§ What the task asks: Within the listing below, please copy exactly the lines between the line holding "sss_SensAgCalib : Subsystem" and the line holding "parBetaPhsElecAngCont/1 -> Add/2", inclusive.

§ Dataset records:
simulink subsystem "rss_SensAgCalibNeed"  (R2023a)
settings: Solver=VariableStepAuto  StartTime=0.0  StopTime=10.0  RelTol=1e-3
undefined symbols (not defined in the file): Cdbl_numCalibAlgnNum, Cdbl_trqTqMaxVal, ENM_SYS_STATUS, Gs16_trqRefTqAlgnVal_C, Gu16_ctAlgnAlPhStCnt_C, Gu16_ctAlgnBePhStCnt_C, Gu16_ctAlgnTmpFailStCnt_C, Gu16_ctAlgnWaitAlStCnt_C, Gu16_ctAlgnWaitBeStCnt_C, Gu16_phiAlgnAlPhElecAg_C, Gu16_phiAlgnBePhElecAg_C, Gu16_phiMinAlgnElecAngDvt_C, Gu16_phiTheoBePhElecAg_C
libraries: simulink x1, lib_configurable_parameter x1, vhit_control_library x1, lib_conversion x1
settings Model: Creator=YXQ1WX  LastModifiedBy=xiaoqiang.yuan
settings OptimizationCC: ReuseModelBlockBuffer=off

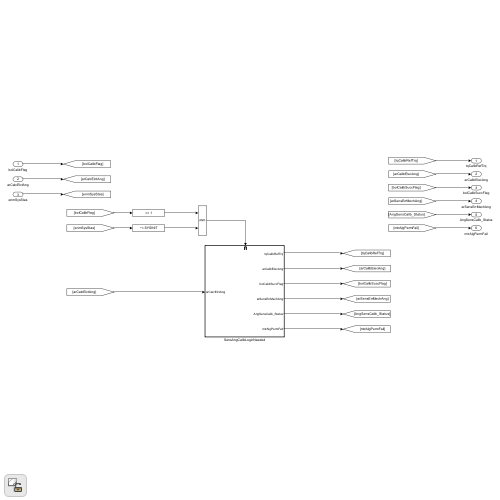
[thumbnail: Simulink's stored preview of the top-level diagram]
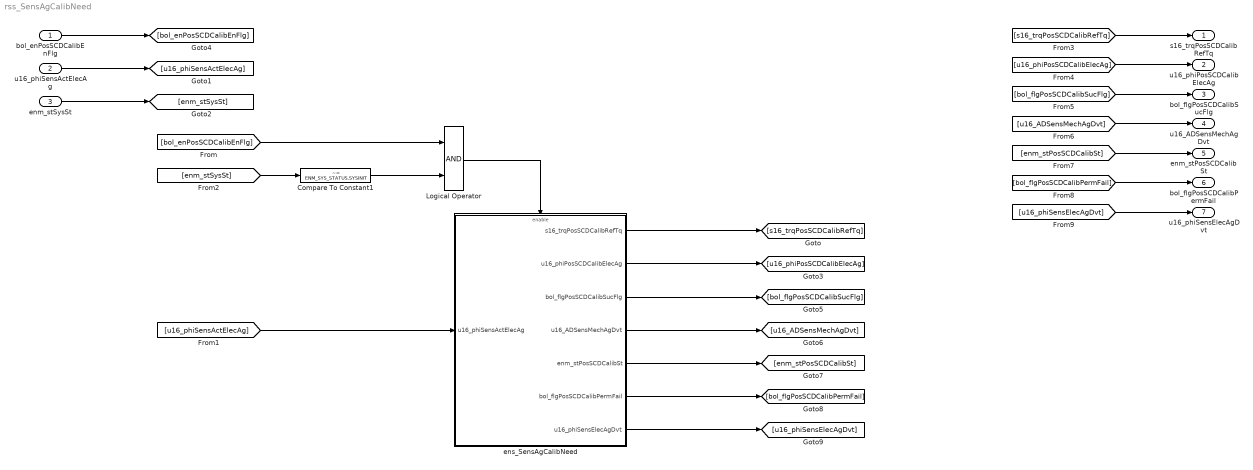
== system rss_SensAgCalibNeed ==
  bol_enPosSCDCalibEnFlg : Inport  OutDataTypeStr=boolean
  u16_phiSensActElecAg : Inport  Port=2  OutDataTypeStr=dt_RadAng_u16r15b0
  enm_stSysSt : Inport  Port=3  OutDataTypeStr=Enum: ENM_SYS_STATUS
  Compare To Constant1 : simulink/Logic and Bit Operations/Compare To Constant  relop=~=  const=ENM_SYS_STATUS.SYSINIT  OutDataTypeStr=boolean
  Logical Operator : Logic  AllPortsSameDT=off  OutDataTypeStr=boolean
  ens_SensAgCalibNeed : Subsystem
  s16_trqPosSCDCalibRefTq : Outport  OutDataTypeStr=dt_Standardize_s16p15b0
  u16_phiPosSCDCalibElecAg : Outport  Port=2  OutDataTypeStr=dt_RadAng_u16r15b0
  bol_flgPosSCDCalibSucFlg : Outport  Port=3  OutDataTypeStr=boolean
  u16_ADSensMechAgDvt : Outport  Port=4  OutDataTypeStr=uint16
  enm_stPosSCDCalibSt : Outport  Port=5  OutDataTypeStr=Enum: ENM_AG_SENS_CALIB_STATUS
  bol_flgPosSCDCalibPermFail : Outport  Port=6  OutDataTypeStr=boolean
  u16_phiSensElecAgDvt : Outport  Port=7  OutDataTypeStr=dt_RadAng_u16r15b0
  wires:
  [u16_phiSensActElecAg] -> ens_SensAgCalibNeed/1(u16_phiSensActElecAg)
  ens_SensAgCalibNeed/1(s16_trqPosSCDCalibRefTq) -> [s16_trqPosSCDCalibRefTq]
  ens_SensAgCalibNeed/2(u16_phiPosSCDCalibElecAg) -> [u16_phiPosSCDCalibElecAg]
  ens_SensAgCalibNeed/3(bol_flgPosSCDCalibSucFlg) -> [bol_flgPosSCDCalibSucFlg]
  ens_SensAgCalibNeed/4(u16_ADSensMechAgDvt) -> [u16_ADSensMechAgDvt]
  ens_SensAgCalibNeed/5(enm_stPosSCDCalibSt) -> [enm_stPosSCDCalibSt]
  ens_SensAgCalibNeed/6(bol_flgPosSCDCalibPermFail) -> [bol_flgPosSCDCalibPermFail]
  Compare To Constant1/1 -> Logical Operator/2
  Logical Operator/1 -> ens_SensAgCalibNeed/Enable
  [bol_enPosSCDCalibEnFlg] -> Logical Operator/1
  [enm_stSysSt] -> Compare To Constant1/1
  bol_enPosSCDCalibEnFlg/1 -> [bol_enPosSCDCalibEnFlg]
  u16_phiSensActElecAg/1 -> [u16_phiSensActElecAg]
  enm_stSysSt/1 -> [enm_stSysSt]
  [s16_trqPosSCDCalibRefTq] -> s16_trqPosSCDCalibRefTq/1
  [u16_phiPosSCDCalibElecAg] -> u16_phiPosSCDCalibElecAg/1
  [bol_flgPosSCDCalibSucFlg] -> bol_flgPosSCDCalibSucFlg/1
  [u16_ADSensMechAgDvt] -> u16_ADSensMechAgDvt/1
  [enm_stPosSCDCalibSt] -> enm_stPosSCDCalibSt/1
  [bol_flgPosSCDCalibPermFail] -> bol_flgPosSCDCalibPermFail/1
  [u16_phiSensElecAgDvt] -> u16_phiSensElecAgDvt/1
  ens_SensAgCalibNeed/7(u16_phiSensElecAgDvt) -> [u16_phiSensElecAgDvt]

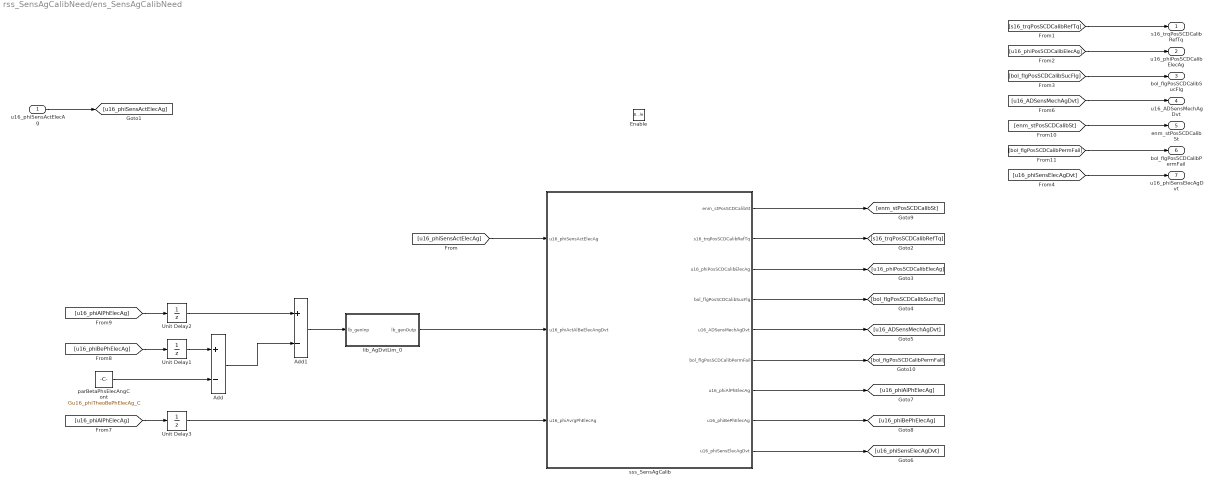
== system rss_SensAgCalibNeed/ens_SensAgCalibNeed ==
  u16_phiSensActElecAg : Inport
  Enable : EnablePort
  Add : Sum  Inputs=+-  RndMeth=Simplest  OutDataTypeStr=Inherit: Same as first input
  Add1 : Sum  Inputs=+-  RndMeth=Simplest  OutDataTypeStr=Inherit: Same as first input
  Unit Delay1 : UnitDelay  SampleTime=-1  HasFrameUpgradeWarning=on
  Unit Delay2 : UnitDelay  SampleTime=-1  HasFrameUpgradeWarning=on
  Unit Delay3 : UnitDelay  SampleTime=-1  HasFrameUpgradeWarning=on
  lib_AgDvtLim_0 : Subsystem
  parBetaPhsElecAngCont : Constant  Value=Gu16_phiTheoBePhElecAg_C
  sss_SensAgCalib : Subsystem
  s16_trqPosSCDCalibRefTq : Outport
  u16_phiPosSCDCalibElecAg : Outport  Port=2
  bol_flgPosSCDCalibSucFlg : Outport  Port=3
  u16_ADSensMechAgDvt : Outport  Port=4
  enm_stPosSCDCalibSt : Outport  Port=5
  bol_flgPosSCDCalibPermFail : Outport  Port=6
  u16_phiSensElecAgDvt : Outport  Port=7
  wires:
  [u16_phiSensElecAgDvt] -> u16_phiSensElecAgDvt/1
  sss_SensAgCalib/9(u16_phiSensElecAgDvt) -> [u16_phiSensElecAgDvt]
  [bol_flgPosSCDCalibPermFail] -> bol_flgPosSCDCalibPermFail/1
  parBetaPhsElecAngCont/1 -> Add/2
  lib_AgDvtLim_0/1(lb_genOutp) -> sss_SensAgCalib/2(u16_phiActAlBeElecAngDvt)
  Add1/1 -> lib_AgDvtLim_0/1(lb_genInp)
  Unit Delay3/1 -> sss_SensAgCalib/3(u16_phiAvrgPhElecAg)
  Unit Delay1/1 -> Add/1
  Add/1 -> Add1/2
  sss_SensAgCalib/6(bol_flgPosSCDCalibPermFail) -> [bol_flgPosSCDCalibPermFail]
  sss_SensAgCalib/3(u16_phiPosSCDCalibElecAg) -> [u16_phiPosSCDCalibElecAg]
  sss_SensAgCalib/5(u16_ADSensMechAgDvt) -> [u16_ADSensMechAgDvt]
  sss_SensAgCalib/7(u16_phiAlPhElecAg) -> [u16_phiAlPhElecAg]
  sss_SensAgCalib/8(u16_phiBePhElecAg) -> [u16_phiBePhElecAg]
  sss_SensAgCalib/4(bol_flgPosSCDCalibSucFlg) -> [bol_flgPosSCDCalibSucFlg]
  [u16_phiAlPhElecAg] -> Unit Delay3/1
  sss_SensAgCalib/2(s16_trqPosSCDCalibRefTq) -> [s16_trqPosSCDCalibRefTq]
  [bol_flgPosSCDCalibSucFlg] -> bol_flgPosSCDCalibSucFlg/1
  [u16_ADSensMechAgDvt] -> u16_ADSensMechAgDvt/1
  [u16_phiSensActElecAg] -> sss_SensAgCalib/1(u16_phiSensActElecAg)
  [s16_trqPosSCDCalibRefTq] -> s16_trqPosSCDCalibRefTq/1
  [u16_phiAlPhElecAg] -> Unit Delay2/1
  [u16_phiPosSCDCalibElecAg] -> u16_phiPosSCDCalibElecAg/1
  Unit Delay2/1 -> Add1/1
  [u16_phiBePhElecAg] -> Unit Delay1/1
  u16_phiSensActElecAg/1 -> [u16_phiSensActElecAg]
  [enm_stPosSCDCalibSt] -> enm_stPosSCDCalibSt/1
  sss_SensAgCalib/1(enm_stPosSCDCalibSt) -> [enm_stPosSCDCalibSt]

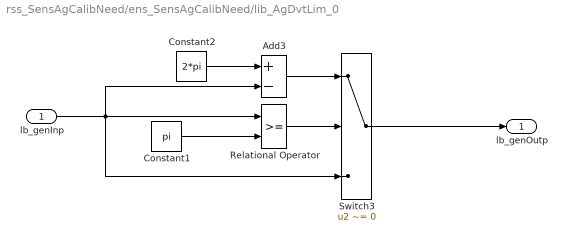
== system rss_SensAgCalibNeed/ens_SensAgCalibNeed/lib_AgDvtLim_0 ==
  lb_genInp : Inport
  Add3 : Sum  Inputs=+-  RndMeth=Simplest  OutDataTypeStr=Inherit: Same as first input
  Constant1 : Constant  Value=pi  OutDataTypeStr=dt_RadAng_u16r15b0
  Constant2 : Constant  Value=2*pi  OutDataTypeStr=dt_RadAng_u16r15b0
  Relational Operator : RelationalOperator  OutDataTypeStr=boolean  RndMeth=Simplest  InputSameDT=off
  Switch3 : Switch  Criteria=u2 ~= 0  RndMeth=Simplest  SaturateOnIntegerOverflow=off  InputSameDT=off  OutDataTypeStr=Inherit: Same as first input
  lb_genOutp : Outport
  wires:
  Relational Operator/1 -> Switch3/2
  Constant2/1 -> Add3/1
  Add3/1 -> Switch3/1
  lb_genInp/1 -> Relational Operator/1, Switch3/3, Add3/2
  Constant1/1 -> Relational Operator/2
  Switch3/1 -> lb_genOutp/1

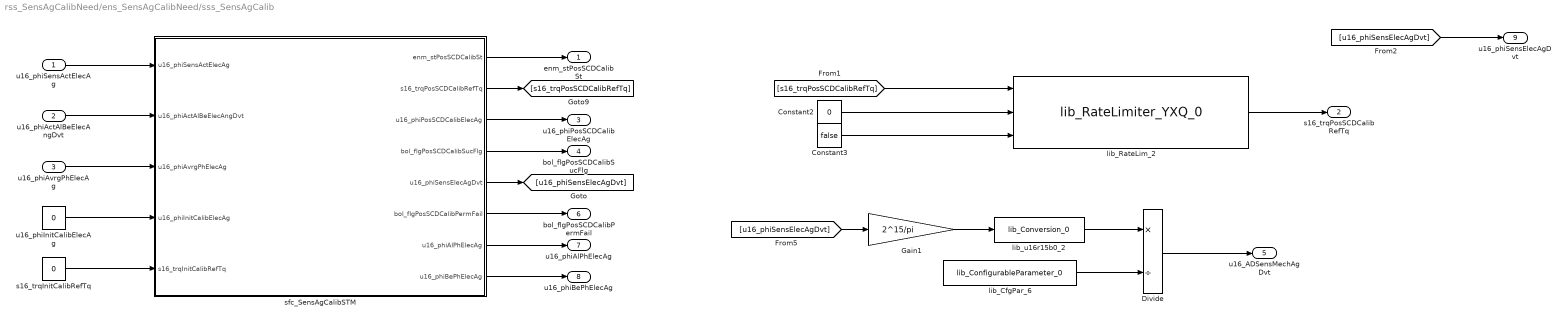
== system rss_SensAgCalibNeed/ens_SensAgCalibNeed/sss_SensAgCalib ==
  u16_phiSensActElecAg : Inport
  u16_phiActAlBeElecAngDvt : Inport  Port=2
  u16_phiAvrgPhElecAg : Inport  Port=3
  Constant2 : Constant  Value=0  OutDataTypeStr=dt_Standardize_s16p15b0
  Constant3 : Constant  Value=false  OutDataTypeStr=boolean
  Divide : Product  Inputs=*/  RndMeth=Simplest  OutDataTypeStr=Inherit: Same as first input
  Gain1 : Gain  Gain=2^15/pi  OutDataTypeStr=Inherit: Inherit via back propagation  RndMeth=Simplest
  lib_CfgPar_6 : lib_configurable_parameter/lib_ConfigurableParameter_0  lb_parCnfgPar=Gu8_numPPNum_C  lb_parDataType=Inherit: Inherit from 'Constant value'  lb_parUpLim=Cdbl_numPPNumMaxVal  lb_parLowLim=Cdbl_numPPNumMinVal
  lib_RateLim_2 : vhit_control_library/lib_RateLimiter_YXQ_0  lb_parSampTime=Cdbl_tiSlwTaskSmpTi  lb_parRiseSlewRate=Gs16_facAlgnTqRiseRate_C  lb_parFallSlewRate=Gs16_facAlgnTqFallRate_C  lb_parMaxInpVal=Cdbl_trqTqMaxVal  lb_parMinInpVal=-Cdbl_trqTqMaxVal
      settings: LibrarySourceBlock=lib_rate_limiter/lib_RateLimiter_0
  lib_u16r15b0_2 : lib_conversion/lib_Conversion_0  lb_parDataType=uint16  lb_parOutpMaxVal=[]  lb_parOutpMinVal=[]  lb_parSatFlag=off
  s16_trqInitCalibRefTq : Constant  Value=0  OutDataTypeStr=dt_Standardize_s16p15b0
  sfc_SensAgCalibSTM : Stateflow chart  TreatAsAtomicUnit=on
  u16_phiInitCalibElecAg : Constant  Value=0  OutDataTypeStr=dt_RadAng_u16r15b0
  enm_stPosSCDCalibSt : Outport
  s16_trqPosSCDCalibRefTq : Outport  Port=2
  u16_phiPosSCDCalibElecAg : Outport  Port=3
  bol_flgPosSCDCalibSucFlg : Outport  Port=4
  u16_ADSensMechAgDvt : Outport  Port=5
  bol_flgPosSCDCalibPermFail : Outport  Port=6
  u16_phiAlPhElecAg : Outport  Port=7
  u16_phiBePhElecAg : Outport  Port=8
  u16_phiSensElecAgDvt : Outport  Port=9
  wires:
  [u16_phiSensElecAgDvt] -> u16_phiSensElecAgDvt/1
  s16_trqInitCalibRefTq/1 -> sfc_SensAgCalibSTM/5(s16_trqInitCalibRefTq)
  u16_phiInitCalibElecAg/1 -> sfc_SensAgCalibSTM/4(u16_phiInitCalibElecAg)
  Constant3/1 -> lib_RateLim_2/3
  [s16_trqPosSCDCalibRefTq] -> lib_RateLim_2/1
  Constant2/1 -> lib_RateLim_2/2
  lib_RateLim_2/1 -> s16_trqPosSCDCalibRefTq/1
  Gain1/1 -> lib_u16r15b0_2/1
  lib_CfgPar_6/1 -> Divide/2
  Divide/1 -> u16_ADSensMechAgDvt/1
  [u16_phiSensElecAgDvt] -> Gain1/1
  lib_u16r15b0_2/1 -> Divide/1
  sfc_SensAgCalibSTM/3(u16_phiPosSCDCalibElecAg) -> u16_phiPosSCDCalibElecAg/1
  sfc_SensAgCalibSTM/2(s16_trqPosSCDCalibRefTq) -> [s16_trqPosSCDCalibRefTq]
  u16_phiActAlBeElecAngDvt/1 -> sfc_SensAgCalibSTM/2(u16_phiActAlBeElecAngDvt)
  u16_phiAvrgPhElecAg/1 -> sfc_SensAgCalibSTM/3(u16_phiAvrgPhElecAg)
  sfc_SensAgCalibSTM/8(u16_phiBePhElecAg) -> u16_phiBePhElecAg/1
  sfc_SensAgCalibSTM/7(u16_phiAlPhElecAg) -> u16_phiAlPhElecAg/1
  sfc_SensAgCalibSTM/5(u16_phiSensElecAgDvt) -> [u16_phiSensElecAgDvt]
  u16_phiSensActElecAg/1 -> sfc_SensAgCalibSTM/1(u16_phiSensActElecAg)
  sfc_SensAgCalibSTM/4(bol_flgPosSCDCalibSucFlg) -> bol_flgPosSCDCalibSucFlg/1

§ Result for this task:
  sss_SensAgCalib : Subsystem
  s16_trqPosSCDCalibRefTq : Outport
  u16_phiPosSCDCalibElecAg : Outport  Port=2
  bol_flgPosSCDCalibSucFlg : Outport  Port=3
  u16_ADSensMechAgDvt : Outport  Port=4
  enm_stPosSCDCalibSt : Outport  Port=5
  bol_flgPosSCDCalibPermFail : Outport  Port=6
  u16_phiSensElecAgDvt : Outport  Port=7
  wires:
  [u16_phiSensElecAgDvt] -> u16_phiSensElecAgDvt/1
  sss_SensAgCalib/9(u16_phiSensElecAgDvt) -> [u16_phiSensElecAgDvt]
  [bol_flgPosSCDCalibPermFail] -> bol_flgPosSCDCalibPermFail/1
  parBetaPhsElecAngCont/1 -> Add/2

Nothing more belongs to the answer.